A jovem Mônica, relata Santo Agostinho, “ferida por esse aguilhão, considerou a fealdade de seu hábito, reprovou-o e corrigiu-se”. O bispo de Hipona esclarece que não era a intenção da escrava ajudar a ama, mas tão somente ofendê-la, jogando-lhe na cara um defeito, mas ainda assim Deus aproveitou a ocasião para tocar o coração de Mônica, que refletiu sobre seu próprio comportamento, ao invés de exasperar-se com a fala agressiva de sua escrava.
Diante dos insultos, podemos ser governados pelos vícios ou pelas virtudes
Convido você, leitor, a refletir se seu comportamento parece mais com o da celebridade ou com o de Santa Mônica. Claro que não estou falando de processar quem o ofende, mas da disposição do coração. Quando recebemos ofensas ou acusações, podemos ser governados pelos vícios ou pelas virtudes:
Se deixamos os vícios nos comandarem, o orgulho nos torna cegos e nem consideramos a hipótese de o acusador estar certo. Tudo o que se passa no nosso coração é: “Fui insultado! Fui ofendido! Como fulano ousa falar isso de MIM, logo de MIM?” Note que no caso de Santa Mônica a escrava falou a verdade, ainda que sem intenção de corrigir. No caso da celebridade, não sei se a acusação é verdadeira, mas isso nem importa, já que o que quero é provocar a sua reflexão, leitor, acerca das suas próprias atitudes. Se começamos conduzidos pelo orgulho, a próxima convidada é a ira, que, por sua vez, nos leva a querer revidar, devolver na mesma moeda, talvez até partir para a violência. Daí vêm as atitudes impensadas, as reações desproporcionais, que muitas vezes levam a atos terríveis e irremediáveis.
Se, por outro lado, somos conduzidos pelas virtudes, a humildade nos faz questionar nossa conduta, admitindo a possibilidade de o ofensor estar com a razão.
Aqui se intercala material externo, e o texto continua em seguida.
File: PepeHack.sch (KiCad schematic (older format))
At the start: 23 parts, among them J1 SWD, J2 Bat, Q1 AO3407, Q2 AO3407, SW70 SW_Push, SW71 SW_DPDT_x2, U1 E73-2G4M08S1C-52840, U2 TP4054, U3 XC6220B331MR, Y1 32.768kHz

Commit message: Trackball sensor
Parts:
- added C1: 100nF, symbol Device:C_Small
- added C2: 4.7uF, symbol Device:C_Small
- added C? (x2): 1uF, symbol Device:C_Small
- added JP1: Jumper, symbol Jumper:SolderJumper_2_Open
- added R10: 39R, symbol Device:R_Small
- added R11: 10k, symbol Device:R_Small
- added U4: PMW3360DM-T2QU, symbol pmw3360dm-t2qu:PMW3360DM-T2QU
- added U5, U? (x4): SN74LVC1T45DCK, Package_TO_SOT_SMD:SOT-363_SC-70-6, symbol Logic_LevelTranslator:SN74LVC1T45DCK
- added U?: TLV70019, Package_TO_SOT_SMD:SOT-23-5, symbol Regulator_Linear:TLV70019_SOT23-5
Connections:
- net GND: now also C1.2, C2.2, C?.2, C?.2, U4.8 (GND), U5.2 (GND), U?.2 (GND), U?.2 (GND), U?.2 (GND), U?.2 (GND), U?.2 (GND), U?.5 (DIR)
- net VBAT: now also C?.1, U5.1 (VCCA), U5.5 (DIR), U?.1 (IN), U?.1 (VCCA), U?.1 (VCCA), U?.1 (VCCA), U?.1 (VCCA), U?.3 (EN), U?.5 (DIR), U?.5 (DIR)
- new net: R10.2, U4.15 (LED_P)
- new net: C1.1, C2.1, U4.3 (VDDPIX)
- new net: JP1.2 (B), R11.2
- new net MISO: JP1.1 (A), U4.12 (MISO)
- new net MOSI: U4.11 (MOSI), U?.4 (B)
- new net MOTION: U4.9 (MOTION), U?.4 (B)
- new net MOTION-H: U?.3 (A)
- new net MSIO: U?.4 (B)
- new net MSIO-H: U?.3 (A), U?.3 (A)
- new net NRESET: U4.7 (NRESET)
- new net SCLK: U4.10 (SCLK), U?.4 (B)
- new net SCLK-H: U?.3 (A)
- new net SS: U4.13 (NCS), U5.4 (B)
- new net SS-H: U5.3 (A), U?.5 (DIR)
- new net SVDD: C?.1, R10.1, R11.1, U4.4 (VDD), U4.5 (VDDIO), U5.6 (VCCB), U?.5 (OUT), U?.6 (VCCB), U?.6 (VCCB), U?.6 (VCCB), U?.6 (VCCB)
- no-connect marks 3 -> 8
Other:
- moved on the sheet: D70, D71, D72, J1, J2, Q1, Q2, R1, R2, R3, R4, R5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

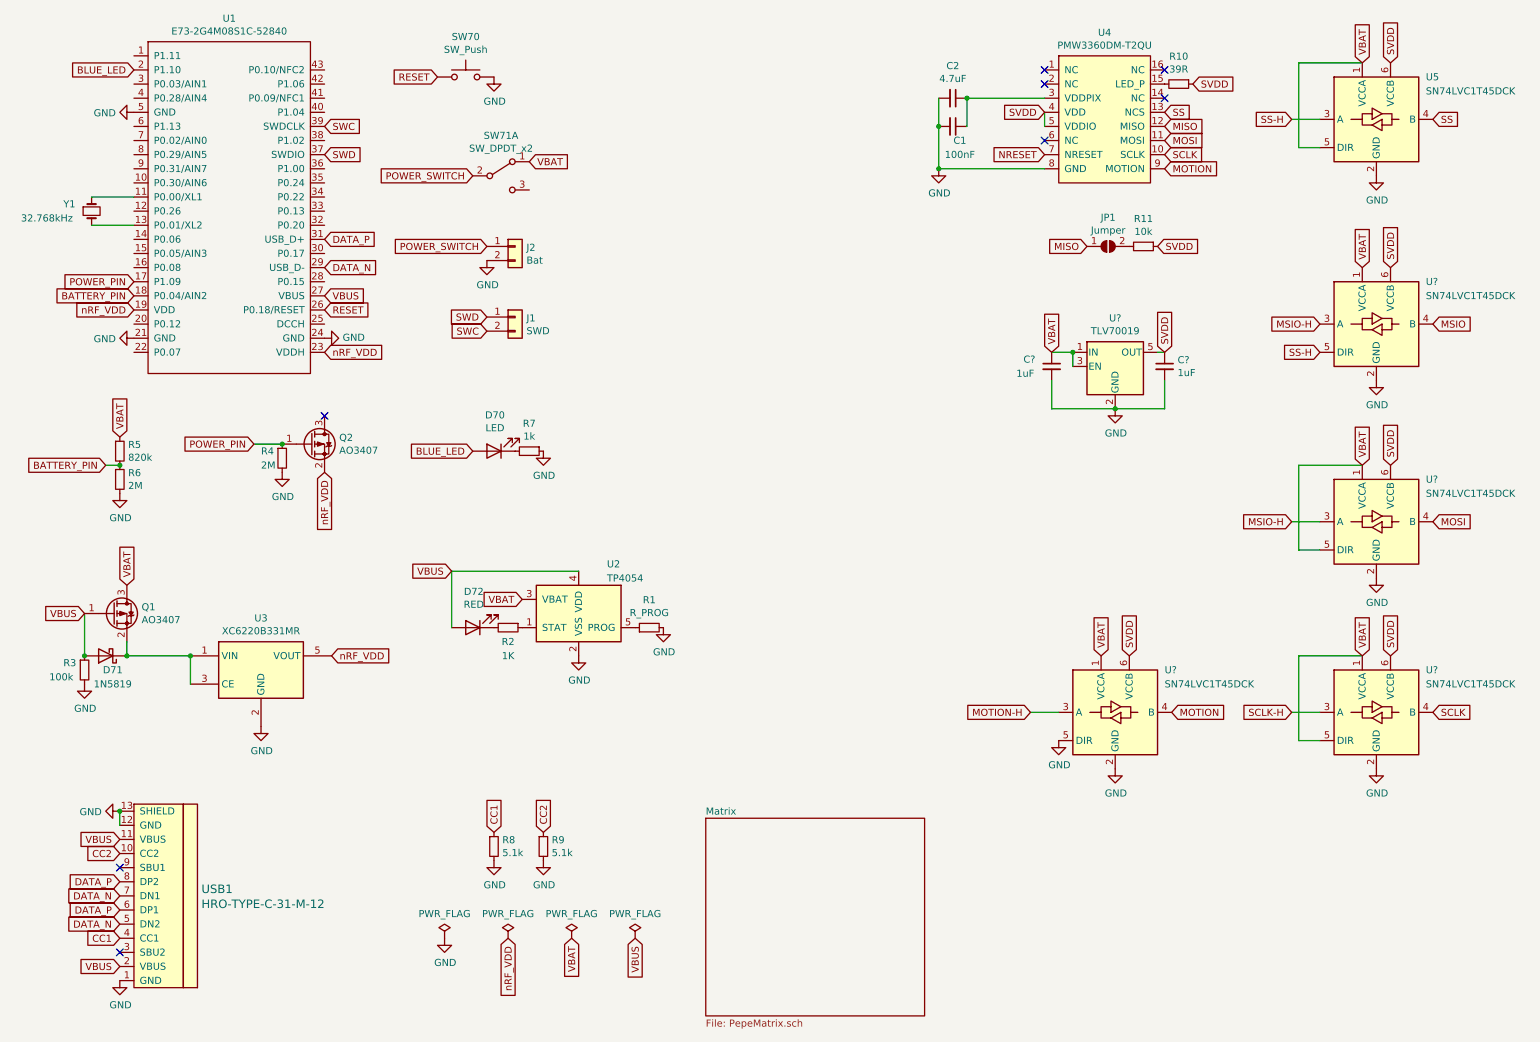
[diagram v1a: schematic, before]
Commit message: Simple keyboard matrix. Trackball sensor pcb + gerbers
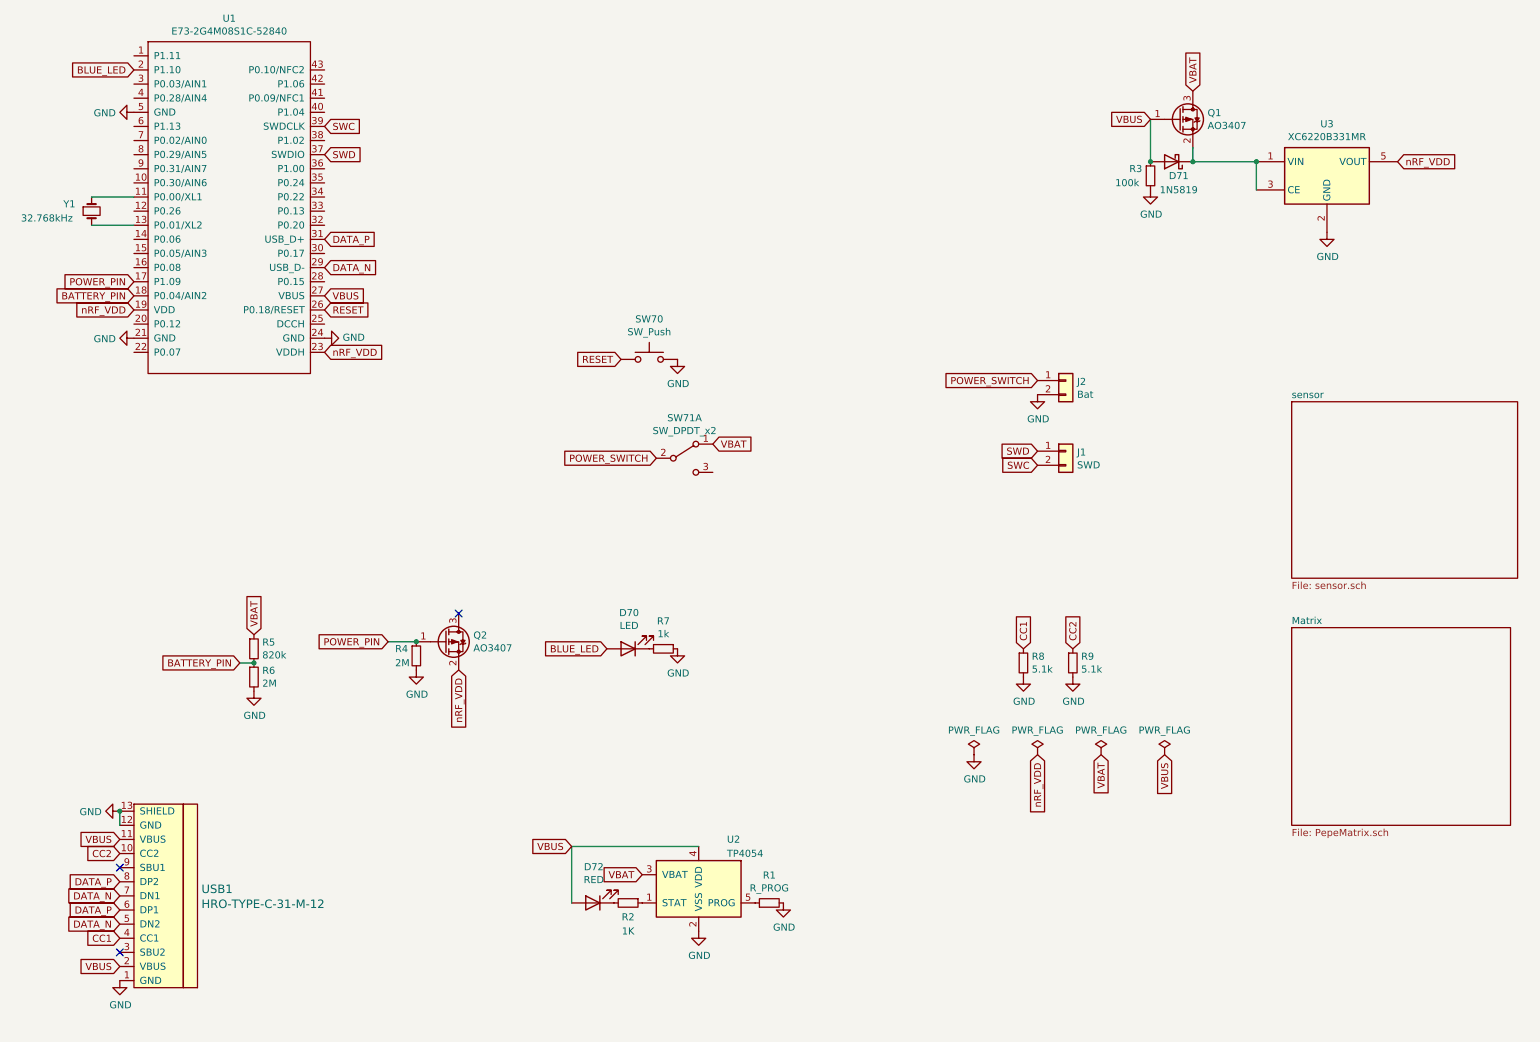
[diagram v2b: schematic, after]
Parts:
- removed C1: 100nF, symbol Device:C_Small
- removed C2: 4.7uF, symbol Device:C_Small
- removed C? (x2): 1uF, symbol Device:C_Small
- removed JP1: Jumper, symbol Jumper:SolderJumper_2_Open
- removed R10: 39R, symbol Device:R_Small
- removed R11: 10k, symbol Device:R_Small
- removed U4: PMW3360DM-T2QU, symbol pmw3360dm-t2qu:PMW3360DM-T2QU
- removed U5, U? (x4): SN74LVC1T45DCK, Package_TO_SOT_SMD:SOT-363_SC-70-6, symbol Logic_LevelTranslator:SN74LVC1T45DCK
- removed U?: TLV70019, Package_TO_SOT_SMD:SOT-23-5, symbol Regulator_Linear:TLV70019_SOT23-5
- D70, D72: footprint (none) -> LED_SMD:LED_0805_2012Metric_Pad1.15x1.40mm_HandSolder
- J1: footprint (none) -> Connector_PinHeader_2.54mm:PinHeader_1x02_P2.54mm_Vertical
- J2: footprint (none) -> Connector_JST:JST_PH_B2B-PH-K_1x02_P2.00mm_Vertical
- R1, R2, R3, R4, R5, R6, R7, R8, R9: footprint (none) -> Resistor_SMD:R_0805_2012Metric_Pad1.20x1.40mm_HandSolder
- SW70: footprint (none) -> bankkis_lib:tact_switch_1r
- SW71: footprint (none) -> Button_Switch_THT:SW_E-Switch_EG2219_DPDT_Angled
- U1: footprint (none) -> bankkis_lib:E73-2G4M08S1C-52840
- USB1: footprint (none) -> bankkis_lib:HRO-TYPE-C-31-M-12-HandSoldering
- Y1: footprint (none) -> Crystal:Crystal_SMD_0603-2Pin_6.0x3.5mm_HandSoldering
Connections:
- no-connect marks 8 -> 3
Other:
- moved on the sheet: D70, D71, D72, J1, J2, Q1, Q2, R1, R2, R3, R4, R5

Ora, se sei que sou apenas um miserável pecador e alguém me acusa de ser, por exemplo, um mentiroso, a humildade me fará dizer a mim mesmo: “Pecador como sou, miserável como me reconheço, sei que se depender de mim, minha vida será governada pela mentira. Se hoje eu não costumo mentir, não é por mérito meu, mas tão somente pela graça de Deus derramada em mim. Se dependesse somente das minhas forças, não haveria maior mentiroso do que eu em toda a Terra”. A humildade prepara o caminho para a mansidão e a prudência nos manterem calados e calmos, refreando qualquer inclinação ao revide. O silêncio permite então que o Espírito Santo faça a obra reparadora que for necessária em nosso interior.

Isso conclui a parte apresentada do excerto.